What is being asked: Every record must be output verbatim in the reply.

————————

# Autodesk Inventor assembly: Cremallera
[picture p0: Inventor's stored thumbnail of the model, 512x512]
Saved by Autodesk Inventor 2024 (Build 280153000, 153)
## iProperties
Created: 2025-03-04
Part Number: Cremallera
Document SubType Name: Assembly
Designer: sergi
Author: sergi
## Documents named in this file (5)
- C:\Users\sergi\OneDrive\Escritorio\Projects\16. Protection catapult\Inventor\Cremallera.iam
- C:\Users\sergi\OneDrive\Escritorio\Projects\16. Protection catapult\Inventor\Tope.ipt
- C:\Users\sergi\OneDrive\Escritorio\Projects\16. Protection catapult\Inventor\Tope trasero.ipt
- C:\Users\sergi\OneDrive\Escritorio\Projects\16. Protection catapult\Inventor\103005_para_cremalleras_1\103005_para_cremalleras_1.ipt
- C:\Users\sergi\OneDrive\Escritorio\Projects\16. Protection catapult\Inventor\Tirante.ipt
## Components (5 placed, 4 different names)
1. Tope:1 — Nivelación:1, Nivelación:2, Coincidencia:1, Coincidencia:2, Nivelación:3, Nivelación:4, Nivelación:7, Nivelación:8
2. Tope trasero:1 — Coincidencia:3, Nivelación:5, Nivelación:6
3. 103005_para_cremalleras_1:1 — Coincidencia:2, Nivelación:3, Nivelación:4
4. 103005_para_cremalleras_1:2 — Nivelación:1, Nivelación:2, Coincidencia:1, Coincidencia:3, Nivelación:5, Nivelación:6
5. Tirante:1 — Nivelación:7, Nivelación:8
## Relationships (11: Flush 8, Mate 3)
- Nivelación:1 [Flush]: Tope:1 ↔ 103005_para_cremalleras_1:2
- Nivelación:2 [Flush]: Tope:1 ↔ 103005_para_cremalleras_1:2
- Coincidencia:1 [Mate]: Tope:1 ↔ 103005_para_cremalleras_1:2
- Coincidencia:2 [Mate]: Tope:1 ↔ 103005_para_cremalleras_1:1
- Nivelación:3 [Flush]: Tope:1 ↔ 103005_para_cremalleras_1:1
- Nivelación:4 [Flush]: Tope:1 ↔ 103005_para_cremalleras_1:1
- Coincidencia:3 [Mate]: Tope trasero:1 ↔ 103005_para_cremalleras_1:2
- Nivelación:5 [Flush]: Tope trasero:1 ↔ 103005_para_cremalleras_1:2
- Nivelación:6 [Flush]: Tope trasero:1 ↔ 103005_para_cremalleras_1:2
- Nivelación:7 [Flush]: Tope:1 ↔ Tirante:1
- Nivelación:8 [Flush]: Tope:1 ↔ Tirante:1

————————

Exercise answer:
# Autodesk Inventor assembly: Cremallera
[picture p0: Inventor's stored thumbnail of the model, 512x512]
Saved by Autodesk Inventor 2024 (Build 280153000, 153)
## iProperties
Created: 2025-03-04
Part Number: Cremallera
Document SubType Name: Assembly
Designer: sergi
Author: sergi
## Documents named in this file (5)
- C:\Users\sergi\OneDrive\Escritorio\Projects\16. Protection catapult\Inventor\Cremallera.iam
- C:\Users\sergi\OneDrive\Escritorio\Projects\16. Protection catapult\Inventor\Tope.ipt
- C:\Users\sergi\OneDrive\Escritorio\Projects\16. Protection catapult\Inventor\Tope trasero.ipt
- C:\Users\sergi\OneDrive\Escritorio\Projects\16. Protection catapult\Inventor\103005_para_cremalleras_1\103005_para_cremalleras_1.ipt
- C:\Users\sergi\OneDrive\Escritorio\Projects\16. Protection catapult\Inventor\Tirante.ipt
## Components (5 placed, 4 different names)
1. Tope:1 — Nivelación:1, Nivelación:2, Coincidencia:1, Coincidencia:2, Nivelación:3, Nivelación:4, Nivelación:7, Nivelación:8
2. Tope trasero:1 — Coincidencia:3, Nivelación:5, Nivelación:6
3. 103005_para_cremalleras_1:1 — Coincidencia:2, Nivelación:3, Nivelación:4
4. 103005_para_cremalleras_1:2 — Nivelación:1, Nivelación:2, Coincidencia:1, Coincidencia:3, Nivelación:5, Nivelación:6
5. Tirante:1 — Nivelación:7, Nivelación:8
## Relationships (11: Flush 8, Mate 3)
- Nivelación:1 [Flush]: Tope:1 ↔ 103005_para_cremalleras_1:2
- Nivelación:2 [Flush]: Tope:1 ↔ 103005_para_cremalleras_1:2
- Coincidencia:1 [Mate]: Tope:1 ↔ 103005_para_cremalleras_1:2
- Coincidencia:2 [Mate]: Tope:1 ↔ 103005_para_cremalleras_1:1
- Nivelación:3 [Flush]: Tope:1 ↔ 103005_para_cremalleras_1:1
- Nivelación:4 [Flush]: Tope:1 ↔ 103005_para_cremalleras_1:1
- Coincidencia:3 [Mate]: Tope trasero:1 ↔ 103005_para_cremalleras_1:2
- Nivelación:5 [Flush]: Tope trasero:1 ↔ 103005_para_cremalleras_1:2
- Nivelación:6 [Flush]: Tope trasero:1 ↔ 103005_para_cremalleras_1:2
- Nivelación:7 [Flush]: Tope:1 ↔ Tirante:1
- Nivelación:8 [Flush]: Tope:1 ↔ Tirante:1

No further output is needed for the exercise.